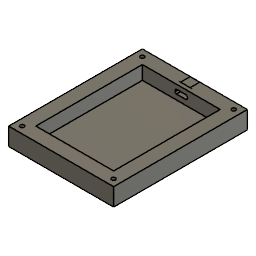
Bottom (Autodesk Fusion 360 design; units mm, degrees)
Autodesk Fusion 360 part; units mm, degrees
sketch "Sketch1" plane through (0, 0, 0) normal (0, 1, 0) x (1, 0, 0)
  line L0 (0, 0) -> (56.985, 0)
  line L1 (56.985, 0) -> (56.985, 78.065)
  line L2 (56.985, 78.065) -> (0, 78.065)
  line L3 (0, 78.065) -> (0, 0)
  line L4 (66.985, -10) -> (66.985, 88.065)
  line L5 (66.985, 88.065) -> (-10, 88.065)
  line L6 (-10, 88.065) -> (-10, -10)
  line L7 (-10, -10) -> (66.985, -10)
  circle A0 centre (-5, 83.065) radius 1.45
  circle A1 centre (-5, -5) radius 1.45
  circle A2 centre (61.985, -5) radius 1.45
  circle A3 centre (61.985, 83.065) radius 1.45
  dimension "d4" = 56.985
  dimension "d5" = 78.065
  dimension "d6" = 10
  dimension "d9" = 2.9
  dimension "d12" = 2.9
  dimension "d15" = 2.9
  dimension "d18" = 2.9
  constraint horizontal L0
  constraint vertical L1
  constraint horizontal L2
  constraint vertical L3
  constraint coincident L0.start L3.end
  measures "d4" distance of L0.start L0.end
  measures "d5" distance of L0.start L2.end
  measures "d9" diameter of A0
  measures "d12" diameter of A1
  measures "d15" diameter of A2
  measures "d18" diameter of A3
extrude "Extrude1" add sketch "Sketch1" along normal blind 3 contours L0 L1 L2 L3 | L4 L5 L6 L7 picked at (18.995, 52.043333) picked at (60.825164, 26.021667) makes body 1
extrude "Extrude2" cut sketch "Sketch1" along normal blind 13 bodies 1
extrude "Extrude3" add sketch "Sketch1" along normal blind 13 bodies 1
move_body "Align1" bodies 1 to x (1, 0, 0) y (0, 1, 0) z (0, 0, 1) at (0, 0, 0)
move_body "Align2" bodies 1 to x (1, 0, 0) y (0, 1, 0) z (0, 0, 1) at (0, 0, 0)
move_body "Align3" bodies 1 to x (1, 0, 0) y (0, 1, 0) z (0, 0, 1) at (-28.4925, -5.248423, 39.0325)
sketch "plate-2026-03-13T21_26_14.409Z" plane through (0, 7.751577, 0) normal (0, 1, 0) x (1, 0, 0)
  line L0 (-25.209257, 35.572548) -> (-12.209257, 35.572548)
  line L1 (-25.209257, 21.572548) -> (-12.209257, 21.572548)
  line L2 (-25.709257, 35.072548) -> (-25.709257, 22.072548)
  line L3 (-11.709257, 35.072548) -> (-11.709257, 22.072548)
  arc A0 (-25.209257, 35.572548) -> (-25.709257, 35.072548) centre (-25.209257, 35.072548) ccw
  arc A1 (-11.709257, 35.072548) -> (-12.209257, 35.572548) centre (-12.209257, 35.072548) ccw
  arc A2 (-25.709257, 22.072548) -> (-25.209257, 21.572548) centre (-25.209257, 22.072548) ccw
  arc A3 (-12.209257, 21.572548) -> (-11.709257, 22.072548) centre (-12.209257, 22.072548) ccw
  line L4 (-6.159257, 35.572548) -> (6.840743, 35.572548)
  line L5 (-6.159257, 21.572548) -> (6.840743, 21.572548)
  line L6 (-6.659257, 35.072548) -> (-6.659257, 22.072548)
  line L7 (7.340743, 35.072548) -> (7.340743, 22.072548)
  arc A4 (-6.159257, 35.572548) -> (-6.659257, 35.072548) centre (-6.159257, 35.072548) ccw
  arc A5 (7.340743, 35.072548) -> (6.840743, 35.572548) centre (6.840743, 35.072548) ccw
  arc A6 (-6.659257, 22.072548) -> (-6.159257, 21.572548) centre (-6.159257, 22.072548) ccw
  arc A7 (6.840743, 21.572548) -> (7.340743, 22.072548) centre (6.840743, 22.072548) ccw
  line L8 (12.890743, 35.572548) -> (25.890743, 35.572548)
  line L9 (12.890743, 21.572548) -> (25.890743, 21.572548)
  line L10 (12.390743, 35.072548) -> (12.390743, 22.072548)
  line L11 (26.390743, 35.072548) -> (26.390743, 22.072548)
  arc A8 (12.890743, 35.572548) -> (12.390743, 35.072548) centre (12.890743, 35.072548) ccw
  arc A9 (26.390743, 35.072548) -> (25.890743, 35.572548) centre (25.890743, 35.072548) ccw
  arc A10 (12.390743, 22.072548) -> (12.890743, 21.572548) centre (12.890743, 22.072548) ccw
  arc A11 (25.890743, 21.572548) -> (26.390743, 22.072548) centre (25.890743, 22.072548) ccw
  line L12 (-25.209257, 16.522548) -> (-12.209257, 16.522548)
  line L13 (-25.209257, 2.522548) -> (-12.209257, 2.522548)
  line L14 (-25.709257, 16.022548) -> (-25.709257, 3.022548)
  line L15 (-11.709257, 16.022548) -> (-11.709257, 3.022548)
  arc A12 (-25.209257, 16.522548) -> (-25.709257, 16.022548) centre (-25.209257, 16.022548) ccw
  arc A13 (-11.709257, 16.022548) -> (-12.209257, 16.522548) centre (-12.209257, 16.022548) ccw
  arc A14 (-25.709257, 3.022548) -> (-25.209257, 2.522548) centre (-25.209257, 3.022548) ccw
  arc A15 (-12.209257, 2.522548) -> (-11.709257, 3.022548) centre (-12.209257, 3.022548) ccw
  line L16 (-6.159257, 16.522548) -> (6.840743, 16.522548)
  line L17 (-6.159257, 2.522548) -> (6.840743, 2.522548)
  line L18 (-6.659257, 16.022548) -> (-6.659257, 3.022548)
  line L19 (7.340743, 16.022548) -> (7.340743, 3.022548)
  arc A16 (-6.159257, 16.522548) -> (-6.659257, 16.022548) centre (-6.159257, 16.022548) ccw
  arc A17 (7.340743, 16.022548) -> (6.840743, 16.522548) centre (6.840743, 16.022548) ccw
  arc A18 (-6.659257, 3.022548) -> (-6.159257, 2.522548) centre (-6.159257, 3.022548) ccw
  arc A19 (6.840743, 2.522548) -> (7.340743, 3.022548) centre (6.840743, 3.022548) ccw
  line L20 (12.890743, 16.522548) -> (25.890743, 16.522548)
  line L21 (12.890743, 2.522548) -> (25.890743, 2.522548)
  line L22 (12.390743, 16.022548) -> (12.390743, 3.022548)
  line L23 (26.390743, 16.022548) -> (26.390743, 3.022548)
  arc A20 (12.890743, 16.522548) -> (12.390743, 16.022548) centre (12.890743, 16.022548) ccw
  arc A21 (26.390743, 16.022548) -> (25.890743, 16.522548) centre (25.890743, 16.022548) ccw
  arc A22 (12.390743, 3.022548) -> (12.890743, 2.522548) centre (12.890743, 3.022548) ccw
  arc A23 (25.890743, 2.522548) -> (26.390743, 3.022548) centre (25.890743, 3.022548) ccw
  line L24 (-25.209257, -2.527452) -> (-12.209257, -2.527452)
  line L25 (-25.209257, -16.527452) -> (-12.209257, -16.527452)
  line L26 (-25.709257, -3.027452) -> (-25.709257, -16.027452)
  line L27 (-11.709257, -3.027452) -> (-11.709257, -16.027452)
  arc A24 (-25.209257, -2.527452) -> (-25.709257, -3.027452) centre (-25.209257, -3.027452) ccw
  arc A25 (-11.709257, -3.027452) -> (-12.209257, -2.527452) centre (-12.209257, -3.027452) ccw
  arc A26 (-25.709257, -16.027452) -> (-25.209257, -16.527452) centre (-25.209257, -16.027452) ccw
  arc A27 (-12.209257, -16.527452) -> (-11.709257, -16.027452) centre (-12.209257, -16.027452) ccw
  line L28 (-6.159257, -2.527452) -> (6.840743, -2.527452)
  line L29 (-6.159257, -16.527452) -> (6.840743, -16.527452)
  line L30 (-6.659257, -3.027452) -> (-6.659257, -16.027452)
  line L31 (7.340743, -3.027452) -> (7.340743, -16.027452)
  arc A28 (-6.159257, -2.527452) -> (-6.659257, -3.027452) centre (-6.159257, -3.027452) ccw
  arc A29 (7.340743, -3.027452) -> (6.840743, -2.527452) centre (6.840743, -3.027452) ccw
  arc A30 (-6.659257, -16.027452) -> (-6.159257, -16.527452) centre (-6.159257, -16.027452) ccw
  arc A31 (6.840743, -16.527452) -> (7.340743, -16.027452) centre (6.840743, -16.027452) ccw
  line L32 (12.890743, -2.527452) -> (25.890743, -2.527452)
  line L33 (12.890743, -16.527452) -> (25.890743, -16.527452)
  line L34 (12.390743, -3.027452) -> (12.390743, -16.027452)
  line L35 (26.390743, -3.027452) -> (26.390743, -16.027452)
  arc A32 (12.890743, -2.527452) -> (12.390743, -3.027452) centre (12.890743, -3.027452) ccw
  arc A33 (26.390743, -3.027452) -> (25.890743, -2.527452) centre (25.890743, -3.027452) ccw
  arc A34 (12.390743, -16.027452) -> (12.890743, -16.527452) centre (12.890743, -16.027452) ccw
  arc A35 (25.890743, -16.527452) -> (26.390743, -16.027452) centre (25.890743, -16.027452) ccw
  line L36 (12.890743, -2.527452) -> (25.890743, -2.527452)
  line L37 (12.890743, -16.527452) -> (25.890743, -16.527452)
  line L38 (12.390743, -3.027452) -> (12.390743, -16.027452)
  line L39 (26.390743, -3.027452) -> (26.390743, -16.027452)
  arc A36 (12.890743, -2.527452) -> (12.390743, -3.027452) centre (12.890743, -3.027452) ccw
  arc A37 (26.390743, -3.027452) -> (25.890743, -2.527452) centre (25.890743, -3.027452) ccw
  arc A38 (12.390743, -16.027452) -> (12.890743, -16.527452) centre (12.890743, -16.027452) ccw
  arc A39 (25.890743, -16.527452) -> (26.390743, -16.027452) centre (25.890743, -16.027452) ccw
  line L40 (-25.209257, -21.577452) -> (-12.209257, -21.577452)
  line L41 (-25.209257, -35.577452) -> (-12.209257, -35.577452)
  line L42 (-25.709257, -22.077452) -> (-25.709257, -35.077452)
  line L43 (-11.709257, -22.077452) -> (-11.709257, -35.077452)
  arc A40 (-25.209257, -21.577452) -> (-25.709257, -22.077452) centre (-25.209257, -22.077452) ccw
  arc A41 (-11.709257, -22.077452) -> (-12.209257, -21.577452) centre (-12.209257, -22.077452) ccw
  arc A42 (-25.709257, -35.077452) -> (-25.209257, -35.577452) centre (-25.209257, -35.077452) ccw
  arc A43 (-12.209257, -35.577452) -> (-11.709257, -35.077452) centre (-12.209257, -35.077452) ccw
  line L44 (-6.159257, -21.577452) -> (6.840743, -21.577452)
  line L45 (-6.159257, -35.577452) -> (6.840743, -35.577452)
  line L46 (-6.659257, -22.077452) -> (-6.659257, -35.077452)
  line L47 (7.340743, -22.077452) -> (7.340743, -35.077452)
  arc A44 (-6.159257, -21.577452) -> (-6.659257, -22.077452) centre (-6.159257, -22.077452) ccw
  arc A45 (7.340743, -22.077452) -> (6.840743, -21.577452) centre (6.840743, -22.077452) ccw
  arc A46 (-6.659257, -35.077452) -> (-6.159257, -35.577452) centre (-6.159257, -35.077452) ccw
  arc A47 (6.840743, -35.577452) -> (7.340743, -35.077452) centre (6.840743, -35.077452) ccw
  line L48 (12.890743, -21.577452) -> (25.890743, -21.577452)
  line L49 (12.890743, -35.577452) -> (25.890743, -35.577452)
  line L50 (12.390743, -22.077452) -> (12.390743, -35.077452)
  line L51 (26.390743, -22.077452) -> (26.390743, -35.077452)
  arc A48 (12.890743, -21.577452) -> (12.390743, -22.077452) centre (12.890743, -22.077452) ccw
  arc A49 (26.390743, -22.077452) -> (25.890743, -21.577452) centre (25.890743, -22.077452) ccw
  arc A50 (12.390743, -35.077452) -> (12.890743, -35.577452) centre (12.890743, -35.077452) ccw
  arc A51 (25.890743, -35.577452) -> (26.390743, -35.077452) centre (25.890743, -35.077452) ccw
  line L52 (-28.234257, -39.156471) -> (28.915743, -39.156471)
  line L53 (-28.234257, 39.046164) -> (28.915743, 39.046164)
  line L54 (-28.234257, -39.156471) -> (-28.234257, 39.046164)
  line L55 (28.915743, -39.156471) -> (28.915743, 39.046164)
move_body "Move1" bodies 1 to x (1, 0, 0) y (0, 1, 0) z (0, 0, 1) at (0.258, 0, 0)
extrude "Extrude4" add sketch "plate-2026-03-13T21_26_14.409Z" 1 faces at (32.590664, 7.751577, 13.010833) along normal blind 3 separate body on bodies 1 makes body 2
sketch "Sketch3" plane through (0, 0, -49.0325) normal (0, 0, -1) x (-1, 0, 0)
  line L0 (-38.7505, -5.248423) -> (38.2345, -5.248423)
  line L1 (38.2345, -5.248423) -> (38.2345, 7.751577)
  line L2 (38.2345, 7.751577) -> (-38.7505, 7.751577)
  line L3 (-38.7505, 7.751577) -> (-38.7505, -5.248423)
  line L4 (-3.758, 1.551577) -> (3.242, 1.551577)
  line L5 (4.242, 2.551577) -> (4.242, 3.551577)
  line L6 (3.242, 4.551577) -> (-3.758, 4.551577)
  line L7 (-4.758, 3.551577) -> (-4.758, 2.551577)
  arc A0 (4.242, 3.551577) -> (3.242, 4.551577) centre (3.242, 3.551577) ccw
  arc A1 (3.242, 1.551577) -> (4.242, 2.551577) centre (3.242, 2.551577) ccw
  arc A2 (-3.758, 4.551577) -> (-4.758, 3.551577) centre (-3.758, 3.551577) ccw
  arc A3 (-4.758, 2.551577) -> (-3.758, 1.551577) centre (-3.758, 2.551577) ccw
  dimension "d34" = 1
  dimension "d35" = 1
  dimension "d36" = 1
  dimension "d37" = 1
  constraint horizontal L4
  constraint vertical L5
  constraint horizontal L6
  constraint vertical L7
  constraint tangent L6 A0
  constraint tangent L5 A0
  constraint tangent L4 A1
  constraint tangent L5 A1
  constraint tangent L7 A2
  constraint tangent L6 A2
  constraint tangent L7 A3
  constraint tangent L4 A3
  measures "d34" radius of A0
  measures "d35" radius of A1
  measures "d36" radius of A2
  measures "d37" radius of A3
extrude "Extrude5" cut sketch "Sketch3" against normal blind 17 contours L4 L5 L6 L7 A0 A1 A2 A3 picked at (0.908667, 2.551577) bodies 1
sketch "Sketch4" plane through (0, 0, -49.0325) normal (0, 0, -1) x (-1, 0, 0)
  line L0 (3.242, 1.551577) -> (-3.758, 1.551577)
  arc A0 (-4.758, 2.551577) -> (-3.758, 1.551577) centre (-3.758, 2.551577) ccw
  line L1 (-4.758, 2.551577) -> (-4.758, 3.551577)
  arc A1 (-3.758, 4.551577) -> (-4.758, 3.551577) centre (-3.758, 3.551577) ccw
  line L2 (-3.758, 4.551577) -> (3.242, 4.551577)
  arc A2 (4.242, 3.551577) -> (3.242, 4.551577) centre (3.242, 3.551577) ccw
  line L3 (4.242, 3.551577) -> (4.242, 2.551577)
  arc A3 (3.242, 1.551577) -> (4.242, 2.551577) centre (3.242, 2.551577) ccw
  line L4 (-38.7505, -5.248423) -> (38.2345, -5.248423)
  line L5 (38.2345, -5.248423) -> (38.2345, 7.751577)
  line L6 (38.2345, 7.751577) -> (-38.7505, 7.751577)
  line L7 (-38.7505, 7.751577) -> (-38.7505, -5.248423)
  arc A4 (7.242, 3.551577) -> (3.242, 7.551577) centre (3.242, 3.551577) ccw
  line L8 (-3.758, 7.551577) -> (3.242, 7.551577)
  arc A5 (-3.758, 7.551577) -> (-7.758, 3.551577) centre (-3.758, 3.551577) ccw
  line L9 (-7.758, 2.551577) -> (-7.758, 3.551577)
  arc A6 (-7.758, 2.551577) -> (-3.758, -1.448423) centre (-3.758, 2.551577) ccw
  line L10 (3.242, -1.448423) -> (-3.758, -1.448423)
  arc A7 (3.242, -1.448423) -> (7.242, 2.551577) centre (3.242, 2.551577) ccw
  line L11 (7.242, 3.551577) -> (7.242, 2.551577)
  dimension "d40" = -3
extrude "Extrude6" cut sketch "Sketch4" against normal blind 7 contours A4 L8 A5 L9 A6 L10 A7 L11 picked at (-1.424667, -0.448423) bodies 1
sketch "Sketch5" plane through (38.7505, 0, 0) normal (1, 0, 0) x (0, 0, -1)
  line L0 (-49.0325, 7.751577) -> (49.0325, 7.751577)
  line L1 (49.0325, 7.751577) -> (49.0325, 10.751577)
  line L2 (49.0325, 10.751577) -> (-49.0325, 10.751577)
  line L3 (-49.0325, 10.751577) -> (-49.0325, 7.751577)
  line L4 (-49.0325, 9.251577) -> (49.0325, 9.251577)
extrude "Extrude7" cut sketch "Sketch5" against normal blind 88 contours L1 L2 L3 L4 picked at (-16.344167, 10.251577) bodies 2
sketch "Sketch6" plane through (0, 9.251577, 0) normal (0, 1, 0) x (-1, 0, 0)
  line L0 (38.2345, -49.0325) -> (38.2345, 49.0325)
  line L1 (38.2345, 49.0325) -> (-38.7505, 49.0325)
  line L2 (-38.7505, 49.0325) -> (-38.7505, -49.0325)
  line L3 (-38.7505, -49.0325) -> (38.2345, -49.0325)
  line L4 (-12.390743, 16.027452) -> (-12.390743, 3.027452)
  arc A0 (-12.890743, 2.527452) -> (-12.390743, 3.027452) centre (-12.890743, 3.027452) ccw
  line L5 (-12.890743, 2.527452) -> (-25.890743, 2.527452)
  arc A1 (-26.390743, 3.027452) -> (-25.890743, 2.527452) centre (-25.890743, 3.027452) ccw
  line L6 (-26.390743, 3.027452) -> (-26.390743, 16.027452)
  arc A2 (-25.890743, 16.527452) -> (-26.390743, 16.027452) centre (-25.890743, 16.027452) ccw
  line L7 (-25.890743, 16.527452) -> (-12.890743, 16.527452)
  arc A3 (-12.390743, 16.027452) -> (-12.890743, 16.527452) centre (-12.890743, 16.027452) ccw
  line L8 (25.709257, -3.022548) -> (25.709257, -16.022548)
  arc A4 (25.209257, -16.522548) -> (25.709257, -16.022548) centre (25.209257, -16.022548) ccw
  line L9 (25.209257, -16.522548) -> (12.209257, -16.522548)
  arc A5 (11.709257, -16.022548) -> (12.209257, -16.522548) centre (12.209257, -16.022548) ccw
  line L10 (11.709257, -16.022548) -> (11.709257, -3.022548)
  arc A6 (12.209257, -2.522548) -> (11.709257, -3.022548) centre (12.209257, -3.022548) ccw
  line L11 (12.209257, -2.522548) -> (25.209257, -2.522548)
  arc A7 (25.709257, -3.022548) -> (25.209257, -2.522548) centre (25.209257, -3.022548) ccw
  line L12 (-12.390743, 35.077452) -> (-12.390743, 22.077452)
  arc A8 (-12.890743, 21.577452) -> (-12.390743, 22.077452) centre (-12.890743, 22.077452) ccw
  line L13 (-12.890743, 21.577452) -> (-25.890743, 21.577452)
  arc A9 (-26.390743, 22.077452) -> (-25.890743, 21.577452) centre (-25.890743, 22.077452) ccw
  line L14 (-26.390743, 22.077452) -> (-26.390743, 35.077452)
  arc A10 (-25.890743, 35.577452) -> (-26.390743, 35.077452) centre (-25.890743, 35.077452) ccw
  line L15 (-25.890743, 35.577452) -> (-12.890743, 35.577452)
  arc A11 (-12.390743, 35.077452) -> (-12.890743, 35.577452) centre (-12.890743, 35.077452) ccw
  line L16 (6.659257, 16.027452) -> (6.659257, 3.027452)
  arc A12 (6.159257, 2.527452) -> (6.659257, 3.027452) centre (6.159257, 3.027452) ccw
  line L17 (6.159257, 2.527452) -> (-6.840743, 2.527452)
  arc A13 (-7.340743, 3.027452) -> (-6.840743, 2.527452) centre (-6.840743, 3.027452) ccw
  line L18 (-7.340743, 3.027452) -> (-7.340743, 16.027452)
  arc A14 (-6.840743, 16.527452) -> (-7.340743, 16.027452) centre (-6.840743, 16.027452) ccw
  line L19 (-6.840743, 16.527452) -> (6.159257, 16.527452)
  arc A15 (6.659257, 16.027452) -> (6.159257, 16.527452) centre (6.159257, 16.027452) ccw
  line L20 (25.709257, 16.027452) -> (25.709257, 3.027452)
  arc A16 (25.209257, 2.527452) -> (25.709257, 3.027452) centre (25.209257, 3.027452) ccw
  line L21 (25.209257, 2.527452) -> (12.209257, 2.527452)
  arc A17 (11.709257, 3.027452) -> (12.209257, 2.527452) centre (12.209257, 3.027452) ccw
  line L22 (11.709257, 3.027452) -> (11.709257, 16.027452)
  arc A18 (12.209257, 16.527452) -> (11.709257, 16.027452) centre (12.209257, 16.027452) ccw
  line L23 (12.209257, 16.527452) -> (25.209257, 16.527452)
  arc A19 (25.709257, 16.027452) -> (25.209257, 16.527452) centre (25.209257, 16.027452) ccw
  line L24 (6.659257, 35.077452) -> (6.659257, 22.077452)
  arc A20 (6.159257, 21.577452) -> (6.659257, 22.077452) centre (6.159257, 22.077452) ccw
  line L25 (6.159257, 21.577452) -> (-6.840743, 21.577452)
  arc A21 (-7.340743, 22.077452) -> (-6.840743, 21.577452) centre (-6.840743, 22.077452) ccw
  line L26 (-7.340743, 22.077452) -> (-7.340743, 35.077452)
  arc A22 (-6.840743, 35.577452) -> (-7.340743, 35.077452) centre (-6.840743, 35.077452) ccw
  line L27 (-6.840743, 35.577452) -> (6.159257, 35.577452)
  arc A23 (6.659257, 35.077452) -> (6.159257, 35.577452) centre (6.159257, 35.077452) ccw
  line L28 (-12.390743, -3.022548) -> (-12.390743, -16.022548)
  arc A24 (-12.890743, -16.522548) -> (-12.390743, -16.022548) centre (-12.890743, -16.022548) ccw
  line L29 (-12.890743, -16.522548) -> (-25.890743, -16.522548)
  arc A25 (-26.390743, -16.022548) -> (-25.890743, -16.522548) centre (-25.890743, -16.022548) ccw
  line L30 (-26.390743, -16.022548) -> (-26.390743, -3.022548)
  arc A26 (-25.890743, -2.522548) -> (-26.390743, -3.022548) centre (-25.890743, -3.022548) ccw
  line L31 (-25.890743, -2.522548) -> (-12.890743, -2.522548)
  arc A27 (-12.390743, -3.022548) -> (-12.890743, -2.522548) centre (-12.890743, -3.022548) ccw
  line L32 (-12.390743, -22.072548) -> (-12.390743, -35.072548)
  arc A28 (-12.890743, -35.572548) -> (-12.390743, -35.072548) centre (-12.890743, -35.072548) ccw
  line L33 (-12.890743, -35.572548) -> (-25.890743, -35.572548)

-- Task requirements --
Retype, exactly and in full, the lines above from the one containing "line L31 (7.340743, -3.027452)" through the one containing "arc A29 (7.340743, -3.027452)".

-- Answer area --
  line L31 (7.340743, -3.027452) -> (7.340743, -16.027452)
  arc A28 (-6.159257, -2.527452) -> (-6.659257, -3.027452) centre (-6.159257, -3.027452) ccw
  arc A29 (7.340743, -3.027452) -> (6.840743, -2.527452) centre (6.840743, -3.027452) ccw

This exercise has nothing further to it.